Analyzing Configuration Dependencies of File Systems
Tabassum Mahmud, Om Rameshwar Gatla, Duo Zhang, Carson Love, Ryan Bumann, Varun S Girimaji, Mai Zheng
TL;DR
The paper tackles the problem of configuration-related complexity in storage systems by empirically uncovering multilevel configuration dependencies across Ext4, XFS, and ZFS, and by building ConfD, an extensible framework with a core for dependency extraction and a plugin suite for detection. It leverages metadata-assisted taint analysis on LLVM IR to connect parameters across components via shared FS metadata, derives a taxonomy of Self Dependency, Cross-Parameter Dependency, and Cross-Component Dependency, and generates dependency-guided configuration states to enable targeted testing and regression analysis. The results show ConfD can extract around 160 multilevel dependencies with a low false-positive rate and that dependency-guided plugins uncover a broad range of issues (specification gaps, misconfigurations, and regression failures) while improving false-positive rates in regression testing by substantial margins.
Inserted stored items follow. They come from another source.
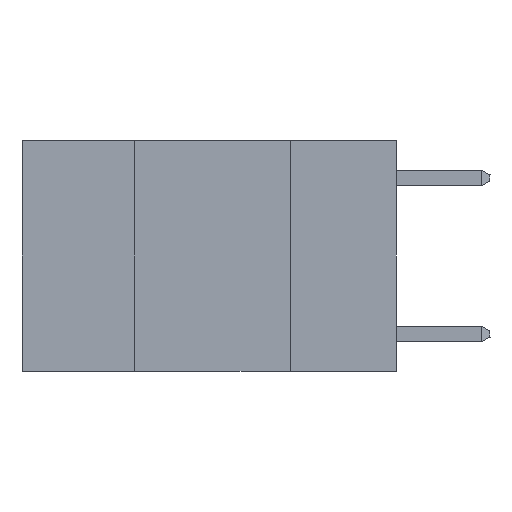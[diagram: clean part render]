
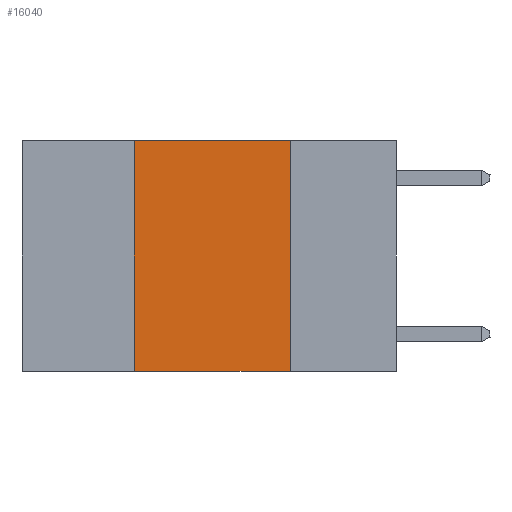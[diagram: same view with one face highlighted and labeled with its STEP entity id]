
A CAD part, left-side view. The second image highlights one B-rep face of the part: STEP entity #16040.
In plain terms, the highlighted planar face has unit normal (-1, 0, 0).
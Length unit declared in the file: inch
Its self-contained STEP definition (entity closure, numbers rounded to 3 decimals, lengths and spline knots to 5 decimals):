
#337 = ORIENTED_EDGE ( 'NONE', *, *, #9945, .T. ) ;
#578 = LINE ( 'NONE', #15067, #19036 ) ;
#715 = ORIENTED_EDGE ( 'NONE', *, *, #20353, .F. ) ;
#1462 = CARTESIAN_POINT ( 'NONE',  ( 0., 0.42, -0.37 ) ) ;
#1717 = PLANE ( 'NONE',  #7371 ) ;
#1875 = CARTESIAN_POINT ( 'NONE',  ( 0., 0.17, 0. ) ) ;
#3698 = EDGE_LOOP ( 'NONE', ( #6699, #6388, #715, #337 ) ) ;
#4580 = EDGE_CURVE ( 'NONE', #7037, #8811, #578, .T. ) ;
#5191 = VECTOR ( 'NONE', #5303, 39.37008 ) ;
#5303 = DIRECTION ( 'NONE',  ( 0., 0., 1. ) ) ;
#5478 = VERTEX_POINT ( 'NONE', #15597 ) ;
#6388 = ORIENTED_EDGE ( 'NONE', *, *, #11320, .F. ) ;
#6569 = LINE ( 'NONE', #8954, #10221 ) ;
#6699 = ORIENTED_EDGE ( 'NONE', *, *, #4580, .F. ) ;
#6889 = LINE ( 'NONE', #14938, #15602 ) ;
#7037 = VERTEX_POINT ( 'NONE', #1875 ) ;
#7371 = AXIS2_PLACEMENT_3D ( 'NONE', #23934, #9749, #20033 ) ;
#8346 = VERTEX_POINT ( 'NONE', #1462 ) ;
#8811 = VERTEX_POINT ( 'NONE', #17808 ) ;
#8954 = CARTESIAN_POINT ( 'NONE',  ( 0., 0.6, 0. ) ) ;
#9749 = DIRECTION ( 'NONE',  ( 1., 0., 0. ) ) ;
#9776 = DIRECTION ( 'NONE',  ( 0., -1., 0. ) ) ;
#9945 = EDGE_CURVE ( 'NONE', #8346, #8811, #6889, .T. ) ;
#10221 = VECTOR ( 'NONE', #12782, 39.37008 ) ;
#11320 = EDGE_CURVE ( 'NONE', #5478, #7037, #6569, .T. ) ;
#12782 = DIRECTION ( 'NONE',  ( 0., -1., 0. ) ) ;
#14938 = CARTESIAN_POINT ( 'NONE',  ( 0., 0.6, -0.37 ) ) ;
#15067 = CARTESIAN_POINT ( 'NONE',  ( 0., 0.17, 0. ) ) ;
#15597 = CARTESIAN_POINT ( 'NONE',  ( 0., 0.42, 0. ) ) ;
#15602 = VECTOR ( 'NONE', #9776, 39.37008 ) ;
#16040 = ADVANCED_FACE ( 'NONE', ( #18049 ), #1717, .F. ) ;
#16839 = LINE ( 'NONE', #22732, #5191 ) ;
#17808 = CARTESIAN_POINT ( 'NONE',  ( 0., 0.17, -0.37 ) ) ;
#18049 = FACE_OUTER_BOUND ( 'NONE', #3698, .T. ) ;
#19036 = VECTOR ( 'NONE', #24762, 39.37008 ) ;
#20033 = DIRECTION ( 'NONE',  ( 0., 0., -1. ) ) ;
#20353 = EDGE_CURVE ( 'NONE', #8346, #5478, #16839, .T. ) ;
#22732 = CARTESIAN_POINT ( 'NONE',  ( 0., 0.42, 0. ) ) ;
#23934 = CARTESIAN_POINT ( 'NONE',  ( 0., 0.6, 0. ) ) ;
#24762 = DIRECTION ( 'NONE',  ( 0., 0., -1. ) ) ;

The work demonstrates the practical value of dependency-aware configuration analysis for FS ecosystems and suggests extensions to other storage systems (e.g., WiredTiger) and databases, with potential integration into CI pipelines and broader language support through LLVM.
Abstract
File systems play an essential role in modern society for managing precious data. To meet diverse needs, they often support many configuration parameters. Such flexibility comes at the price of additional complexity which can lead to subtle configuration-related issues. To address this challenge, we study the configuration-related issues of two major file systems (i.e., Ext4 and XFS) in depth, and identify a prevalent pattern called multilevel configuration dependencies. Based on the study, we build an extensible tool called ConfD to extract the dependencies automatically, and create a set of plugins to address different configuration-related issues. Our experiments on Ext4, XFS and a modern copy-on-write file system (i.e., ZFS) show that ConfD was able to extract 160 configuration dependencies for the file systems with a low false positive rate. Moreover, the dependency-guided plugins can identify various configuration issues (e.g., mishandling of configurations, regression test failures induced by valid configurations). In addition, we also explore the applicability of ConfD on a popular storage engine (i.e., WiredTiger). We hope that this comprehensive analysis of configuration dependencies of storage systems can shed light on addressing configuration-related challenges for the system community in general.